> PROBLEM: The answer should be each line from the entries below that has the word "simulink" in it.

> INFORMATION GIVEN:
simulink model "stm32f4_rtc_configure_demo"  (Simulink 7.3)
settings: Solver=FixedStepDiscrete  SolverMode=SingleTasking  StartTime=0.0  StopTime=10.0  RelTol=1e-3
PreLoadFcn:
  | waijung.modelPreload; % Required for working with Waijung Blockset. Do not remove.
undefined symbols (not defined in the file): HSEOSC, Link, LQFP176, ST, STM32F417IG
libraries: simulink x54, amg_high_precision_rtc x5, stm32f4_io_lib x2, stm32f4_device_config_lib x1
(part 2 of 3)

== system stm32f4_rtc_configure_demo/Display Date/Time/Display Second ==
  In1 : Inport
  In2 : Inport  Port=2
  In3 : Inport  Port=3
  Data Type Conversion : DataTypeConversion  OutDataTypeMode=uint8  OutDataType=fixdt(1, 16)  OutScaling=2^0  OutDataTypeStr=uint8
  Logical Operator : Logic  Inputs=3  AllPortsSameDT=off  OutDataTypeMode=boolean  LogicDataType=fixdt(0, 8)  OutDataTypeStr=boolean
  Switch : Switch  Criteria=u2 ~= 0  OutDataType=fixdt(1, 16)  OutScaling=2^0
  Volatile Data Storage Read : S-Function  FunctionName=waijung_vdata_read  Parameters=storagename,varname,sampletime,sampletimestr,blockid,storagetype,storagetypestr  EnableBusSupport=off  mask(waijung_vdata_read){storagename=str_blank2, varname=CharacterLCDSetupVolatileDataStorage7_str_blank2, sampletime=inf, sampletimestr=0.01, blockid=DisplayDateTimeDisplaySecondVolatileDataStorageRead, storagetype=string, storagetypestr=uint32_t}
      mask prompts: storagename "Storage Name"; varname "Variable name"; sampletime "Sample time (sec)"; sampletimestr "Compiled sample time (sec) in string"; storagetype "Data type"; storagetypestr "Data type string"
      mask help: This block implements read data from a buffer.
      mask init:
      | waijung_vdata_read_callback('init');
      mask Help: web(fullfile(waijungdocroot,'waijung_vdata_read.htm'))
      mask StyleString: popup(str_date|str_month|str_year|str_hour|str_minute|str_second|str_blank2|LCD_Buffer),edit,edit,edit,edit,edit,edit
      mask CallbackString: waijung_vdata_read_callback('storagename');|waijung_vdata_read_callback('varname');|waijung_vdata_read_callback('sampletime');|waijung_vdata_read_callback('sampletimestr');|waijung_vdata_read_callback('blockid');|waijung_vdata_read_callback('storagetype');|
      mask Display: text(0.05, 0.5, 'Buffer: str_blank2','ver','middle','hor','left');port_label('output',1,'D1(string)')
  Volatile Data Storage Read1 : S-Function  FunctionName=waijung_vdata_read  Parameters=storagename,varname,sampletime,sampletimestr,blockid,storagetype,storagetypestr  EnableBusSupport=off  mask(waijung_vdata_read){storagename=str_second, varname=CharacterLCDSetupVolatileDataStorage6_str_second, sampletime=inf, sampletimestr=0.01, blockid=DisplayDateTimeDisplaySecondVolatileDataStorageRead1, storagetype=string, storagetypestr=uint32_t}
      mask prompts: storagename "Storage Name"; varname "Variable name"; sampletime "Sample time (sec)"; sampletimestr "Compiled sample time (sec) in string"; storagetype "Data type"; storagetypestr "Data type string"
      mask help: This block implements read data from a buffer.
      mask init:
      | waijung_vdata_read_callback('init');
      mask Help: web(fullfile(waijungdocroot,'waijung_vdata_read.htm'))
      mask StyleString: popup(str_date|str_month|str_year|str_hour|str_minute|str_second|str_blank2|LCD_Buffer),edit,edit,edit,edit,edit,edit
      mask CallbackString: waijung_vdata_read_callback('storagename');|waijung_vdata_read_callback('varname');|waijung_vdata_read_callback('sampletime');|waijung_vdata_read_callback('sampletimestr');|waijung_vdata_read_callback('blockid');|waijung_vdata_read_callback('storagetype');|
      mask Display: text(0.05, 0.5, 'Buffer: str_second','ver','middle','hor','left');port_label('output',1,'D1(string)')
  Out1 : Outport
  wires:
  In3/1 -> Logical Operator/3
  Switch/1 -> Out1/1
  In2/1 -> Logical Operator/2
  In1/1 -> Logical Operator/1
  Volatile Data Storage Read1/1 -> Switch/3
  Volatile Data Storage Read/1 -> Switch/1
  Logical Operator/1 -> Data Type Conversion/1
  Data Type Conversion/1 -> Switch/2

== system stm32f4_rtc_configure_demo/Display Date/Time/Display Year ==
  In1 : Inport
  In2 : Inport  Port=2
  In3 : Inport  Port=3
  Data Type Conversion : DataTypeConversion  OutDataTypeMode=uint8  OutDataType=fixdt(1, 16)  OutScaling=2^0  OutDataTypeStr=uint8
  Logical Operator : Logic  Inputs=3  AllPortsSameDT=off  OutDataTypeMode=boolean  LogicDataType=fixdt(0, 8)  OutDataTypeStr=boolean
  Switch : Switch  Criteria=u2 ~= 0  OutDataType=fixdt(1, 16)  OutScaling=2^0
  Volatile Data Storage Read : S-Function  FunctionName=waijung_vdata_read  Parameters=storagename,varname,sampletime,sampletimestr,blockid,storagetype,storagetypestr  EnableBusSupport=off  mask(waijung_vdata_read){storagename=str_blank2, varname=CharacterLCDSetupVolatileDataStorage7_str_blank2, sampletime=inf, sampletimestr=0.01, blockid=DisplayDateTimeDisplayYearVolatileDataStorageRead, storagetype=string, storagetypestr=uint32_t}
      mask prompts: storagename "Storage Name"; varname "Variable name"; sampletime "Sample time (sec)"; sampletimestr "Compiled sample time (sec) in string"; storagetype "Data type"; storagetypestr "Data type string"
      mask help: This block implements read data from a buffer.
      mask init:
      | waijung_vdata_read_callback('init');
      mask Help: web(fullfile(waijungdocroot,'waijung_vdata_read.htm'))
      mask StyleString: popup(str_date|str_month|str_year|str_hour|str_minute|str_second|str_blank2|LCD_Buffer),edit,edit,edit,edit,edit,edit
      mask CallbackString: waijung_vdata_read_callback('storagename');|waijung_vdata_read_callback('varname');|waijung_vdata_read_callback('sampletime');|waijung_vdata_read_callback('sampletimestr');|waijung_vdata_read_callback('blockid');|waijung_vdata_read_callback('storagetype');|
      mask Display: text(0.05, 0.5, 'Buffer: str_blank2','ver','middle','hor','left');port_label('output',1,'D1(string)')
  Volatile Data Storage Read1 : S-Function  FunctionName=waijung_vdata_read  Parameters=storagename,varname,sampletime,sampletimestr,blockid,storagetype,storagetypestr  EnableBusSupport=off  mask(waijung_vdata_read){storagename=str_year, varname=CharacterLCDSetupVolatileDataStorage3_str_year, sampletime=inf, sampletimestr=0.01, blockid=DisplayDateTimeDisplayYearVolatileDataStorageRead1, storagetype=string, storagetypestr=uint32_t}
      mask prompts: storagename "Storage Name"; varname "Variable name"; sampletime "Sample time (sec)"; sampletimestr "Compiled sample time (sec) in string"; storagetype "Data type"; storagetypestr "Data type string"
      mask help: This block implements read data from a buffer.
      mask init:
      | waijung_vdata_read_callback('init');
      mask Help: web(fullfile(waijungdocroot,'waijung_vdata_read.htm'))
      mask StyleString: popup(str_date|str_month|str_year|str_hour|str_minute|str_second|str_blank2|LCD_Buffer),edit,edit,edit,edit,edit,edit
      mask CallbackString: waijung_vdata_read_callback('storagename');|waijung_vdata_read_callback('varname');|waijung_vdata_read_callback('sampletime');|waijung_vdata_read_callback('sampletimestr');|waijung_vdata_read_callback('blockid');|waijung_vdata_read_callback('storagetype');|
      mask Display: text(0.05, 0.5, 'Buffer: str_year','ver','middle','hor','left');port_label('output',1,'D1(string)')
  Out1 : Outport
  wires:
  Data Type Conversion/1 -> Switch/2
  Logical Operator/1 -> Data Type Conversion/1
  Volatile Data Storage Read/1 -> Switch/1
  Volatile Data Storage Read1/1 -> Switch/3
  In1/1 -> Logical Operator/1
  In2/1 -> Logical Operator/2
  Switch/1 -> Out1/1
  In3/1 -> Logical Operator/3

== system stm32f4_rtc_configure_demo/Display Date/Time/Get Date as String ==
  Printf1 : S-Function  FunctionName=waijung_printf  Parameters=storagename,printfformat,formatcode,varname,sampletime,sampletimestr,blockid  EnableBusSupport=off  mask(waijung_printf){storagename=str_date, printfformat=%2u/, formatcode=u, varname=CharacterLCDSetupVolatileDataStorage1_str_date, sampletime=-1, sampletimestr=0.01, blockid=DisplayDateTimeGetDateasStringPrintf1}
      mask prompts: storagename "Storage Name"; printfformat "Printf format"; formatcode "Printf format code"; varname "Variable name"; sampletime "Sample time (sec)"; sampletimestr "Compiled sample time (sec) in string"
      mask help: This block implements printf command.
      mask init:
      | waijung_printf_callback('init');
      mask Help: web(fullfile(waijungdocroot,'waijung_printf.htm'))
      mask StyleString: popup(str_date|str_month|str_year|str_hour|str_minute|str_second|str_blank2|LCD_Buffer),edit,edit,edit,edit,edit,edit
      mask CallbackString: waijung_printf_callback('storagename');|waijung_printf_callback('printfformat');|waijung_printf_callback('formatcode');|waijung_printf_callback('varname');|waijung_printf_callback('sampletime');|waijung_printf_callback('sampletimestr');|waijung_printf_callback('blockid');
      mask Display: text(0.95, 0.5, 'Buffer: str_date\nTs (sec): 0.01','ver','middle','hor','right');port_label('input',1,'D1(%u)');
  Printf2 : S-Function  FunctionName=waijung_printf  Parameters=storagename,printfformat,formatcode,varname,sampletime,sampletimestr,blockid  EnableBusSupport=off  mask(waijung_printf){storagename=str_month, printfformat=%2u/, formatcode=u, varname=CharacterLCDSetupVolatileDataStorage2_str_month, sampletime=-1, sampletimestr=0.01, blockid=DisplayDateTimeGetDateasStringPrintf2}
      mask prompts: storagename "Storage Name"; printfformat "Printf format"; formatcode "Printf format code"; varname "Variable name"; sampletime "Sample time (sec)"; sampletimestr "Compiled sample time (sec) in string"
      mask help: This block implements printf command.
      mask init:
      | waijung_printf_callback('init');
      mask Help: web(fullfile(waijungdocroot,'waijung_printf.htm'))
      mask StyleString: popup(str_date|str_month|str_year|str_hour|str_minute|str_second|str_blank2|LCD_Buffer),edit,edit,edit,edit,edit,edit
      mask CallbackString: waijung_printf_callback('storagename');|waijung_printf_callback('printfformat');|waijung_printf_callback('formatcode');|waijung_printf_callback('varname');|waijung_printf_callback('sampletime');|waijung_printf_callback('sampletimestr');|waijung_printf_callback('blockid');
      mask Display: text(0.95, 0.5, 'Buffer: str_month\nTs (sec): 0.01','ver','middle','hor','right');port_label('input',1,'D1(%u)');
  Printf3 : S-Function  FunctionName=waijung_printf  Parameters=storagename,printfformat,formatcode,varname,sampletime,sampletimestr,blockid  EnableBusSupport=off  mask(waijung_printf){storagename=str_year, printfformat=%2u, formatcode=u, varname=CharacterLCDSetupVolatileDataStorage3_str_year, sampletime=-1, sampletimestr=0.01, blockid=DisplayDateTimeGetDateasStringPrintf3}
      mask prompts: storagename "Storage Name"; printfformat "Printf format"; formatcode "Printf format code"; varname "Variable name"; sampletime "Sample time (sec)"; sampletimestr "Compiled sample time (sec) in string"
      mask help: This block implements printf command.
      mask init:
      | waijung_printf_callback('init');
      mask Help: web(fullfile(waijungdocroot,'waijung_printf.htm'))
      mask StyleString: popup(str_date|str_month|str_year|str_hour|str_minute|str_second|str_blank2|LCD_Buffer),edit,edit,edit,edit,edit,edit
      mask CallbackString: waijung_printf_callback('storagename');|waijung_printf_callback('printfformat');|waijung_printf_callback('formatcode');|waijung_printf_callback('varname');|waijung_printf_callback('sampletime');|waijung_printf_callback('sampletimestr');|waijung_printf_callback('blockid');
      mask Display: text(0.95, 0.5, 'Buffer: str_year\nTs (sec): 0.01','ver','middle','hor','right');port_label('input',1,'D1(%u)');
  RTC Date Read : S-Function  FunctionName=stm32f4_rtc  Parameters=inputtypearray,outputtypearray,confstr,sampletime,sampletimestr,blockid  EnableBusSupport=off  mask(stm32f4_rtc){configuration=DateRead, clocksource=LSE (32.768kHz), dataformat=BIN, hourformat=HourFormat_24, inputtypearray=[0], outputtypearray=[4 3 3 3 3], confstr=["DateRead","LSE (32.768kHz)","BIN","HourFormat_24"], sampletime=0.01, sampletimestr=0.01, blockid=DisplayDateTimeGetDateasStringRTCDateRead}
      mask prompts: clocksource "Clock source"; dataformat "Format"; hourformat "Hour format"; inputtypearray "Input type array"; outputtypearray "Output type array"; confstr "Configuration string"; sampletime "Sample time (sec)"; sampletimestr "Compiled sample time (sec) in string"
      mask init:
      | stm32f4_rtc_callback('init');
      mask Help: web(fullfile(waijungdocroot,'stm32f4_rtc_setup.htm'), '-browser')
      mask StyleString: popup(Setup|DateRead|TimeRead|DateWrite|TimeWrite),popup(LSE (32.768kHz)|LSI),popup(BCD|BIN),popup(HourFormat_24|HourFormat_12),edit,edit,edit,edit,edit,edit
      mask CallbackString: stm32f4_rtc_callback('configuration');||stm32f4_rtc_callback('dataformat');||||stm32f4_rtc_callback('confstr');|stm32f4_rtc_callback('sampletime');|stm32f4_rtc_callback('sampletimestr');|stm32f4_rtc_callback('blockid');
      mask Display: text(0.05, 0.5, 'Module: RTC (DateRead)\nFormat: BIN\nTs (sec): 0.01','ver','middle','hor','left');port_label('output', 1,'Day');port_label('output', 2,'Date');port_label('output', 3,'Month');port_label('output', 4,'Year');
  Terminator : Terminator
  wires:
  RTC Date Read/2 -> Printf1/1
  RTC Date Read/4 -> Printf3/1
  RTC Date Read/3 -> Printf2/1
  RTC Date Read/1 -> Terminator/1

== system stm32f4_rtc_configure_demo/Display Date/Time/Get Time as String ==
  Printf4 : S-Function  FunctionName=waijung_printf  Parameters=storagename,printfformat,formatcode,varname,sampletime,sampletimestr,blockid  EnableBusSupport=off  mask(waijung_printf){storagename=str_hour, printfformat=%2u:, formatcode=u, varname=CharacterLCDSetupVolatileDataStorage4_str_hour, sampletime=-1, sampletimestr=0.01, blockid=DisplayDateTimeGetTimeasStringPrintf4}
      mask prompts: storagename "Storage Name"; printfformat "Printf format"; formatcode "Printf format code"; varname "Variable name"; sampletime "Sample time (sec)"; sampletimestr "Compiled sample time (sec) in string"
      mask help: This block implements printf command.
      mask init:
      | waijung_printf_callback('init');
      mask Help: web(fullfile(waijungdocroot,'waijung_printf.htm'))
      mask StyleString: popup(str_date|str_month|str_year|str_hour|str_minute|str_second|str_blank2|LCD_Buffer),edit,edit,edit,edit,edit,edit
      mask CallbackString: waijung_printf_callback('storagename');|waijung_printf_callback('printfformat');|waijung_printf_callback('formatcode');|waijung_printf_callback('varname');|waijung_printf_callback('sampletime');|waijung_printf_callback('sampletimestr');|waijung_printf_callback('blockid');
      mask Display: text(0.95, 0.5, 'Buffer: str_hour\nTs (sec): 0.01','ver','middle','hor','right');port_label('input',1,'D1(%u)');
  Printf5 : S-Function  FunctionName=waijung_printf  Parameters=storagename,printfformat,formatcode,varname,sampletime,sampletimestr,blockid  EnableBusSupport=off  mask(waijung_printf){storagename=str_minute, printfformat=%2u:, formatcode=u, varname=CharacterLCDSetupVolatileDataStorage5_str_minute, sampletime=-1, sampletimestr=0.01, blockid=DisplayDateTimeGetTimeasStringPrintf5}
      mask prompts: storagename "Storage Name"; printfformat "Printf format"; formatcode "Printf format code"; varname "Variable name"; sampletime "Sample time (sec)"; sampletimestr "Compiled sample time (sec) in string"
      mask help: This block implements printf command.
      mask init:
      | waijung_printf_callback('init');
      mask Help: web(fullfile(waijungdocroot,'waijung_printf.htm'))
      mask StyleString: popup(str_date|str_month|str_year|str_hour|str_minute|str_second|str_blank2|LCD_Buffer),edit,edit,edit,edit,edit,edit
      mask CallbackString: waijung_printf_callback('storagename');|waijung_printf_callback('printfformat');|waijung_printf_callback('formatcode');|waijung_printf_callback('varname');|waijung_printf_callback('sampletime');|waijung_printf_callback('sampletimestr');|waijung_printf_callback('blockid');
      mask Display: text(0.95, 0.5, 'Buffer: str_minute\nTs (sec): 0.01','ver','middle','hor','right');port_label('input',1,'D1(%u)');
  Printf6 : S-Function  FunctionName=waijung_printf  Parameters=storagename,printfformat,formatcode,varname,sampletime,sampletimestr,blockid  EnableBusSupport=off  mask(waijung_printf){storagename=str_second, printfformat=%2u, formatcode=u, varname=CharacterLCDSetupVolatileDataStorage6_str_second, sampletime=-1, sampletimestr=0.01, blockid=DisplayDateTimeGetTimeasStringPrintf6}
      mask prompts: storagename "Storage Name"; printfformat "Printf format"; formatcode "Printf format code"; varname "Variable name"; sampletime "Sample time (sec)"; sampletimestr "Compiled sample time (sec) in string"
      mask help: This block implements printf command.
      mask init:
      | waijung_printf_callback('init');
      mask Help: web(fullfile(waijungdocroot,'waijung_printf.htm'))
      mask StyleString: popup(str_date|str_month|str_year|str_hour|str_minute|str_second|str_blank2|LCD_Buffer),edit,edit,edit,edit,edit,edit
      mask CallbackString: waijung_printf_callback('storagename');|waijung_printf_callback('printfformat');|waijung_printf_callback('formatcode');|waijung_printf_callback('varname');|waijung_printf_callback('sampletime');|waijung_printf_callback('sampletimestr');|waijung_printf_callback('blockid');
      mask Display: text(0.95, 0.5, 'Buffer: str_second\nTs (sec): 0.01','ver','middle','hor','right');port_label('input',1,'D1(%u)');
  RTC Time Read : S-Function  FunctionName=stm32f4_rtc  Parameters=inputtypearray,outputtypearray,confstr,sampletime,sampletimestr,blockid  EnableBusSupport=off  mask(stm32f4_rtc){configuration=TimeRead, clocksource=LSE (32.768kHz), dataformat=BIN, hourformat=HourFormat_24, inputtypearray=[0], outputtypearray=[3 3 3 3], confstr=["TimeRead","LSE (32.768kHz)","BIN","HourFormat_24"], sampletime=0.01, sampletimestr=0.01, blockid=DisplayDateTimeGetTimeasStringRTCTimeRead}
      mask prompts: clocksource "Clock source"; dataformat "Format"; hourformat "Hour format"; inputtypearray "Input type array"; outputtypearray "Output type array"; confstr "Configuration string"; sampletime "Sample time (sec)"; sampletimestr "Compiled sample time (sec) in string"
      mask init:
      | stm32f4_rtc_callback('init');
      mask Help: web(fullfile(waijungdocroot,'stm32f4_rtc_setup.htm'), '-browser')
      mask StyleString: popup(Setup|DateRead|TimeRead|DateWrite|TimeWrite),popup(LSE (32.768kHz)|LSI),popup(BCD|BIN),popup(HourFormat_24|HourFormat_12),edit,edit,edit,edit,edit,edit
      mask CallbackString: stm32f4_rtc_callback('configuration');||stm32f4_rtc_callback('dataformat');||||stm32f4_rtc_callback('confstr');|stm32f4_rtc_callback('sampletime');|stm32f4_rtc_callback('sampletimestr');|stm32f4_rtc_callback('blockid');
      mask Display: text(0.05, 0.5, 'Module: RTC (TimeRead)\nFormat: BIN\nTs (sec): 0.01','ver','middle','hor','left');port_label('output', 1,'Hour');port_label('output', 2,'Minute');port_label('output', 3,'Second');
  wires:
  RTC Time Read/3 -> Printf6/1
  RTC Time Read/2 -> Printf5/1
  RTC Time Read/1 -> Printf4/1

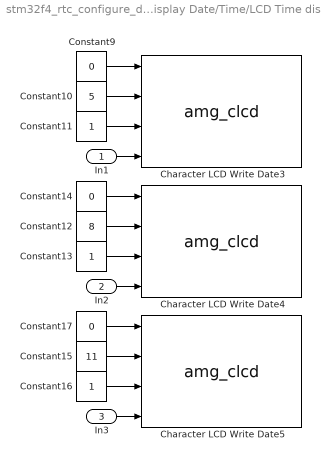
== system stm32f4_rtc_configure_demo/Display Date/Time/LCD Time display ==
  In1 : Inport
  In2 : Inport  Port=2
  In3 : Inport  Port=3
  Character LCD Write Date3 : S-Function  FunctionName=amg_clcd  Parameters=module,configuration,inputtypearray,outputtypearray,confstr,sampletime,sampletimestr,blockid  EnableBusSupport=off  mask(amg_clcd){configuration=Transaction, module=1, model=amg CLCD Std, interface=4-bits, linecount=4, columncount=20, gpiotype=Push-pull, controlport=E, control_rs=15, control_rw=13, control_en=11, dataport=A, data0=7, data1=5, data2=3, data3=1, usestringbuffer=off, stringbuffer=<empty>, varname=, inputtypearray=[4 -1 -1 -1 -1], outputtypearray=[0], confstr=["4","4","20","PP","E","15","11","13","","A","","","","","7","5","3","1","0","","1","0","0","0","1","0","0","0","0","stm32f4"], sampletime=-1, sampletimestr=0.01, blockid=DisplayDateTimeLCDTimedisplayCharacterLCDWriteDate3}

> RESPONSE BOX:
simulink model "stm32f4_rtc_configure_demo"  (Simulink 7.3)
libraries: simulink x54, amg_high_precision_rtc x5, stm32f4_io_lib x2, stm32f4_device_config_lib x1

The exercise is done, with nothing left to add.